O autor best-seller pode ser descrito como “reader friendly”, ou amigão do leitor. Ele diz ao leitor: “Ei, estou aqui falando o mesmo idioma que você fala.” Pode até estar trazendo uma mensagem originalíssima (se é que isso existe) junto com o resto, quem sabe? Mas o principal é o fato de ele dizer, e o leitor confiar, que a expectativa será satisfeita.

O clichê fica interessante quando é tirado dos produtos de rotina e cai na mão dos desconstruidores. No tempo dos surrealistas, muita gente repaginou o clichê, como Max Ernst em Une Semaine de Bonté e outros, ou Buñuel em seus melodramas eróticos.

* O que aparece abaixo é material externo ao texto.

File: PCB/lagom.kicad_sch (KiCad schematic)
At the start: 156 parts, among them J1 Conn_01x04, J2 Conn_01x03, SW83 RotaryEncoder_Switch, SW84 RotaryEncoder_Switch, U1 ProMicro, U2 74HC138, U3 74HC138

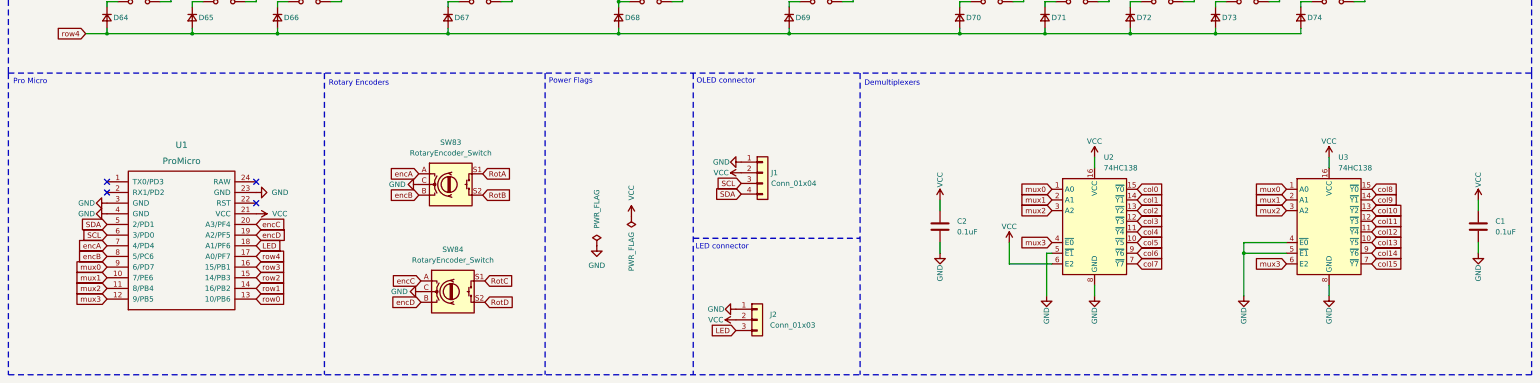
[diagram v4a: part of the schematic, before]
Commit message: Add battery connector, reset and power switch to schematic
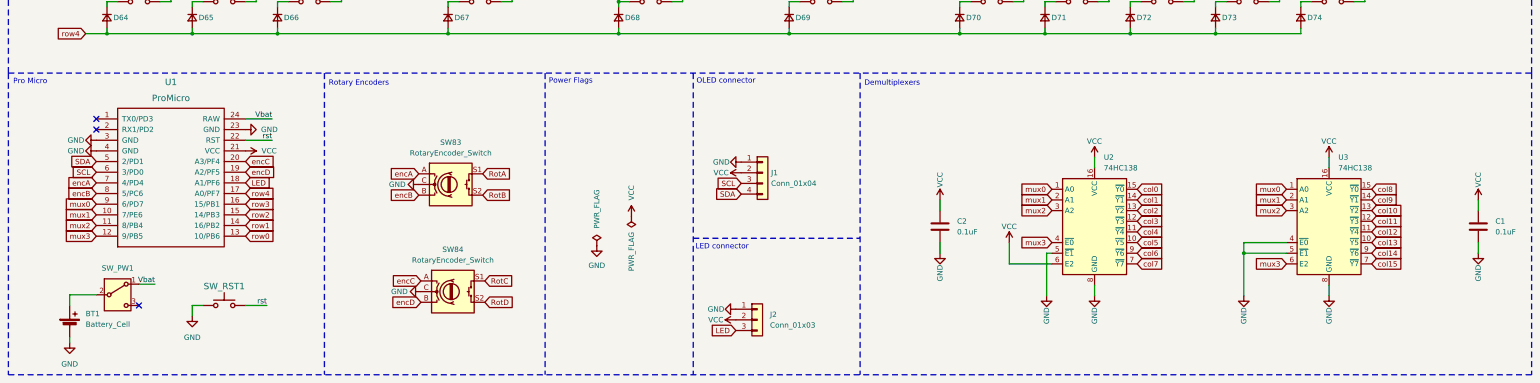
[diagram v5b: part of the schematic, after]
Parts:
- added BT1: Battery_Cell, Connector_JST:JST_PH_S2B-PH-K_1x02_P2.00mm_Horizontal, symbol Device:Battery_Cell
- added SW_PW1: SW_SPDT, Connector_PinHeader_2.54mm:PinHeader_1x03_P2.54mm_Vertical, symbol Switch:SW_SPDT
- added SW_RST1: KEYSW, Button_Switch_THT:SW_PUSH_1P1T_6x3.5mm_H5.0_APEM_MJTP1250, symbol Switch:SW_Push
- D1: footprint Diode_THT:D_DO-34_SOD68_P7.62mm_Horizontal -> Button_Switch_THT:SW_PUSH_1P1T_6x3.5mm_H5.0_APEM_MJTP1250
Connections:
- net GND: now also BT1.2 (-), SW_RST1.1
- net rst: now reaches U1.22 (RST)
- net rst: now also SW_RST1.2
- net Vbat: now reaches U1.24 (RAW)
- net Vbat: now also SW_PW1.1 (A)
- new net: BT1.1 (+), SW_PW1.2 (B)
- no-connect marks 6 -> 5
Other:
- moved on the sheet: U1

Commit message: All Diodes 1N4148 type
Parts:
- D1, D10, D11, D12, D13, D14, D15, D16, D17, D18, D19, D2, D20, D21, D22, D23, D24, D25, D26, D27, D28, D29, D3, D30, D31, D32, D33, D34, D35, D36, D37, D38, D39, D4, D40, D41, D42, D43, D44, D45, D46, D47, D48, D49, D5, D50, D51, D52, D53, D54, D55, D56, D57, D58, D59, D6, D60, D61, D62, D63, D64, D65, D66, D67, D68, D69, D7, D70, D71, D72, D73, D74, D8, D9: value D_Small -> 1N4148
- SW_RST1: MPN CST35605T -> (none)

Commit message: Capacitor fp -> 0805
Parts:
- C1, C2: footprint Capacitor_THT:C_Disc_D4.7mm_W2.5mm_P5.00mm -> Capacitor_SMD:C_0805_2012Metric
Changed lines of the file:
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@@
 			)
 		)
-		(property "Footprint" "Capacitor_THT:C_Disc_D4.7mm_W2.5mm_P5.00mm"
+		(property "Footprint" "Capacitor_SMD:C_0805_2012Metric"
 			(at 252.8062 197.104 0)
 			(effects
@@
 			)
 		)
-		(property "Footprint" "Capacitor_THT:C_Disc_D4.7mm_W2.5mm_P5.00mm"
+		(property "Footprint" "Capacitor_SMD:C_0805_2012Metric"
 			(at 381.0762 197.104 0)
 			(effects

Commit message: main schematic: Change switch footprints to hotswap, add custom switch fp library
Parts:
- SW_/1, SW_0, SW_1, SW_2, SW_3, SW_4, SW_5, SW_6, SW_7, SW_8, SW_9, SW_A1, SW_B1, SW_C1, SW_COMMA1, SW_D1, SW_DOT1, SW_DOWN1, SW_E1, SW_ENC1, SW_ENC2, SW_END1, SW_EQUAL1, SW_ESC1, SW_F1, SW_G1, SW_H1, SW_HOME1, SW_I1, SW_ISO_\1, SW_ISO_`1, SW_J1, SW_K1, SW_L1, SW_LEFT1, SW_LSQBR1, SW_M1, SW_MINUS1, SW_N1, SW_O1, SW_P1, SW_PGDN1, SW_PGUP1, SW_Q1, SW_QUOTE1, SW_R1, SW_RIGHT1, SW_RSQBR1, SW_S1, SW_SEMICOLON1, SW_T1, SW_U1, SW_UP1, SW_V1, SW_W1, SW_X1, SW_Y1, SW_Z1: footprint Button_Switch_Keyboard:SW_Cherry_MX_1.00u_PCB -> kailh_hotswap:SW_Kailh_HotSwap_1.00u_PCB
- SW_6.25U_SPACE1: footprint Button_Switch_Keyboard:SW_Cherry_MX_6.25u_PCB -> kailh_hotswap:SW_Kailh_HotSwap_6.25u_PCB
- SW_BCKSP1: footprint Button_Switch_Keyboard:SW_Cherry_MX_2.00u_PCB -> kailh_hotswap:SW_Kailh_HotSwap_2.00u_PCB
- SW_CAPS1, SW_RSHIFT1: footprint Button_Switch_Keyboard:SW_Cherry_MX_1.75u_PCB -> kailh_hotswap:SW_Kailh_HotSwap_1.75u_PCB
- SW_ISO_ENT1: footprint Button_Switch_Keyboard:SW_Cherry_MX_ISOEnter_PCB_Flipped_Rotated -> kailh_hotswap:SW_Kailh_HotSwap_ISOEnter_PCB
- SW_ISO_LSHF1, SW_LALT_1.25U1, SW_LCMD_1.25U1, SW_LCTRL_1.25U1, SW_R_CMD1, SW_R_CTRL_1.25U1, SW_SPL_SPACE_M1: footprint Button_Switch_Keyboard:SW_Cherry_MX_1.25u_PCB -> kailh_hotswap:SW_Kailh_HotSwap_1.25u_PCB
- SW_SPL_SPACE_L1: footprint Button_Switch_Keyboard:SW_Cherry_MX_2.25u_PCB -> kailh_hotswap:SW_Kailh_HotSwap_2.25u_PCB
- SW_SPL_SPACE_R1: footprint Button_Switch_Keyboard:SW_Cherry_MX_2.75u_PCB -> kailh_hotswap:SW_Kailh_HotSwap_2.75u_PCB
- SW_TAB1: footprint Button_Switch_Keyboard:SW_Cherry_MX_1.50u_Plate -> kailh_hotswap:SW_Kailh_HotSwap_1.50u_PCB

O clichê só mostra suas verdadeiras possibilidades quando em vez de encontrá-lo nos sitcoms da TV, que alguns consideram o último elo da cadeia alimentar da Narrativa, o encontramos no quarteirão vizinho: em André Breton, em Raymond Queneau, em contextos fraturados ou absurdistas. Nos surrealistas, nos caligarescos, nos artistas underground ou marginais das metrópoles latinas.

O clichê é uma promessa, ao leitor, de tranquila certeza. Usado por artistas mais irrequietos, pode ser uma armadilha com reações imprevisíveis.